2024年12月6日(金)

中東を読み解く

2021年6月20日

 6月18日投票のイラン大統領選挙で反米保守強硬派のイブラヒム・ライシ師(60)が圧勝する見通しとなった。穏健派や改革派の有力候補が事前の資格審査で失格となり、同師の当選がほぼ確約された茶番レース。投票率も初めて50%を割る公算が濃厚で、首都テヘランは白け切った雰囲気だ。最高指導者ハメネイ師の後継者と目される“革命体制の申し子”ライシ師とは何者なのか。

(btgbtg/gettyimages)

ハメネイ師に取り立てられ出世

 欧米や中東のメディアなどによると、ライシ師はハメネイ師と同じ、北東部のイラン第2の都市マシャド出身。1979年の革命直後から頭角を現した。わずか20歳でイラン北西部ハマダン州の判事となり、その後テヘランの革命法廷の検事に抜擢された。

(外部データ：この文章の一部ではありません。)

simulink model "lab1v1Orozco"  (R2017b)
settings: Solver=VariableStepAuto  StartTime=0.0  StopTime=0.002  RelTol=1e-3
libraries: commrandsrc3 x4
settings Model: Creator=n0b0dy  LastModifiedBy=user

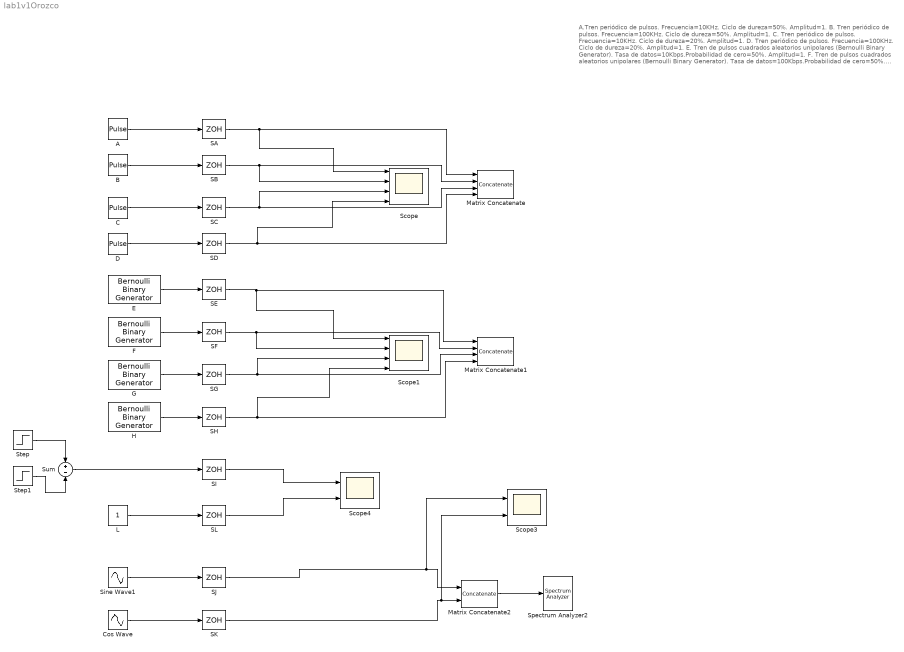
== system lab1v1Orozco ==
  note: A.Tren periódico de pulsos. Frecuencia=10KHz. Ciclo de dureza=50%. Amplitud=1.
      | B. Tren periódico de pulsos. Frecuencia=100KHz. Ciclo de dureza=50%. Amplitud=1.
      | C. Tren periódico de pulsos. Frecuencia=10KHz. Ciclo de dureza=20%. Amplitud=1.
      | D. Tren periódico de pulsos. Frecuencia=100KHz. Ciclo de dureza=20%. Amplitud=1.
      | E. Tren de pulsos cuadrados aleatorios unipolares (Bernoulli Binary Generator). Tasa de datos=10Kbps.Probabilidad de cero=50%. Amplitud=1.
      | F. Tren de pulsos cuadrados aleatorios unipolares (Bernoulli Binary Generator). Tasa de datos=100Kbps.Probabilidad de cero=50%. Amplitud=1.
      | G. Tren de pulsos cuadrados aleatorios unipolares (Bernoulli Binary Generator). Tasa de datos=10Kbps.Probabilidad de cero=30%. Amplitud=1.
      | H. Tren de pulsos cuadrados aleatorios unipolares (Bernoulli Binary Generator). Tasa de datos=100Kbps.Probabilidad de cero=30%. Amplitud=1.
      | I. Un pulso rectangular de amplitud 3, iniciando en t0=0.5s y terminando en t1=0.7s
      | J. Seno. Frecuencia=1Khz. Amplitud=1.
      | K. Coseno. Frecuencia=1Khz. Amplitud=1.
      | L. Señal constante. Amplitud=1
  A : DiscretePulseGenerator  PulseType=Time based  Period=1/10E3  PulseWidth=50
  B : DiscretePulseGenerator  PulseType=Time based  Period=1/100E3  PulseWidth=50  VectorParams1D=off
  C : DiscretePulseGenerator  PulseType=Time based  Period=1/10E3  PulseWidth=20
  Cos Wave : Sin  Frequency=1e3*2*pi  Phase=pi/2  SampleTime=0
      settings: AttributesFormatString=|
      | Frecuency = %<Frequency>
      | Phase = %<Phase>
  D : DiscretePulseGenerator  PulseType=Time based  Period=1/100E3  PulseWidth=20
  E : commrandsrc3/Bernoulli Binary Generator  ProbabilityOfZero=0.5  SeedSource=Parameter  Seed=1  SampleTime=1/10e3  SamplesPerFrame=1  OutputDataType=double  SimulateUsing=Interpreted execution
  F : commrandsrc3/Bernoulli Binary Generator  ProbabilityOfZero=0.5  SeedSource=Parameter  Seed=1  SampleTime=1/100e3  SamplesPerFrame=1  OutputDataType=double  SimulateUsing=Interpreted execution
  G : commrandsrc3/Bernoulli Binary Generator  ProbabilityOfZero=0.3  SeedSource=Parameter  Seed=1  SampleTime=1/10e3  SamplesPerFrame=1  OutputDataType=double  SimulateUsing=Interpreted execution
  H : commrandsrc3/Bernoulli Binary Generator  ProbabilityOfZero=0.3  SeedSource=Parameter  Seed=1  SampleTime=1/100e3  SamplesPerFrame=1  OutputDataType=double  SimulateUsing=Interpreted execution
  L : Constant  SampleTime=1/(6*(1000*2*pi))
  Matrix Concatenate : Concatenate  NumInputs=4  Mode=Multidimensional array  ConcatenateDimension=2
  Matrix Concatenate1 : Concatenate  NumInputs=4  Mode=Multidimensional array  ConcatenateDimension=2
  Matrix Concatenate2 : Concatenate  Mode=Multidimensional array  ConcatenateDimension=2
  SA : ZeroOrderHold  SampleTime=1/(10*100e3)
  SB : ZeroOrderHold  SampleTime=1/(100*100e3)
  SC : ZeroOrderHold  SampleTime=1/(10*100e3)
  SD : ZeroOrderHold  SampleTime=1/(100*100e3)
  SE : ZeroOrderHold  SampleTime=1/(10*100e3)
  SF : ZeroOrderHold  SampleTime=1/(100*100e3)
  SG : ZeroOrderHold  SampleTime=1/(10*100e3)
  SH : ZeroOrderHold  SampleTime=1/(100*100e3)
  SI : ZeroOrderHold  SampleTime=1/10e3
  SJ : ZeroOrderHold  SampleTime=1/(1*100e3)
  SK : ZeroOrderHold  SampleTime=1/100e3
  SL : ZeroOrderHold  SampleTime=1/6e3
  Scope : Scope  NumInputPorts=4
  Scope1 : Scope  NumInputPorts=4
  Scope3 : Scope  NumInputPorts=2
  Scope4 : Scope  NumInputPorts=2
  Sine Wave1 : Sin  Frequency=1e3*2*pi  SampleTime=0
      settings: AttributesFormatString=|
      | Frecuency = %<Frequency>
      | Phase = %<Phase>
  Spectrum Analyzer2 : SpectrumAnalyzer
  Step : Step  Time=0.5  After=3  SampleTime=1e-3
      settings: AttributesFormatString=Step Time = %<Time>
  Step1 : Step  Time=0.7  After=3  SampleTime=1e-3
      settings: AttributesFormatString=Step Time = %<Time>
  Sum : Sum  Inputs=+|-
  wires:
  A/1 -> SA/1
  E/1 -> SE/1
  F/1 -> SF/1
  G/1 -> SG/1
  H/1 -> SH/1
  B/1 -> SB/1
  C/1 -> SC/1
  D/1 -> SD/1
  SA/1 -> Scope/1, Matrix Concatenate/1
  SD/1 -> Matrix Concatenate/4, Scope/4
  SH/1 -> Matrix Concatenate1/4, Scope1/4
  SG/1 -> Matrix Concatenate1/3, Scope1/3
  SF/1 -> Matrix Concatenate1/2, Scope1/2
  SE/1 -> Matrix Concatenate1/1, Scope1/1
  SC/1 -> Scope/3, Matrix Concatenate/3
  SB/1 -> Scope/2, Matrix Concatenate/2
  L/1 -> SL/1
  Sine Wave1/1 -> SJ/1
  Cos Wave/1 -> SK/1
  Step1/1 -> Sum/2
  Step/1 -> Sum/1
  Sum/1 -> SI/1
  SI/1 -> Scope4/1
  SL/1 -> Scope4/2
  Matrix Concatenate2/1 -> Spectrum Analyzer2/1
  SJ/1 -> Scope3/1, Matrix Concatenate2/1
  SK/1 -> Scope3/2, Matrix Concatenate2/2

 ライシ師を有名にしたのがこの革命法廷の検事時代だ。1988年のこの当時、イラン・イラク戦争が終結を迎え、敵国イラクの支援を受けていた反体制派ムジャヒディン・ハルクの活動家に厳しい判決が相次いでいた。同師は反体制派に次々に死刑判決を下した“死の委員会”のメンバーだったといわれている。

 本人はメンバーだったことを認めてはいないが、2カ月間で約5000人に死刑が言い渡された。反体制派は3万人が処刑されたと主張している。しかも適切な裁判手続きを経ないケースが相当数あったといわれ、イラン史に残る「暗黒の集団処刑」と指摘されている。80年代初め、ライシ師はハメネイ師に近いイスラム導師の娘と結婚した。

 ライシ師はその後、ハメネイ師に急接近、検事総長も務めた。2016年にはハメネイ師からイラン最有力のコングロマリットの1つ「イマーム・レザ廟財団」の理事長に任命された。同財団はマシャドにあるシーア派の聖地を管理・運営する一方で、農業、不動産、建設業などの企業を経営する事業体で、同国の政治、経済の利権にも大きく関わっている。公的な機関でありながら、経済活動を展開するようなところは革命防衛隊と同じだ。

 同財団の資金源は元々、革命時に革命政権によって接収されたパーレビ王朝の資産などが土台になっている。だが、財団の経営状態や収支は一切公開されておらず、ハメネイ師だけに報告義務があるなど聖域化。税金の優遇を受けるなど同国の“暗部”との批判も強い組織だ。

 ライシ師は17年の大統領選挙にも保守強硬派の候補として出馬したが、ロウハニ師の再選の前に敗れた。19年に再びハメネイ師に取り立てられ、司法府代表という地位に就いた。ライシ師は汚職追放を掲げ、ハメネイ師との関係を一段と強固にし、権力基盤を固めた。しかし、同じ年、トランプ米政権はライシ師を制裁の対象に加えた。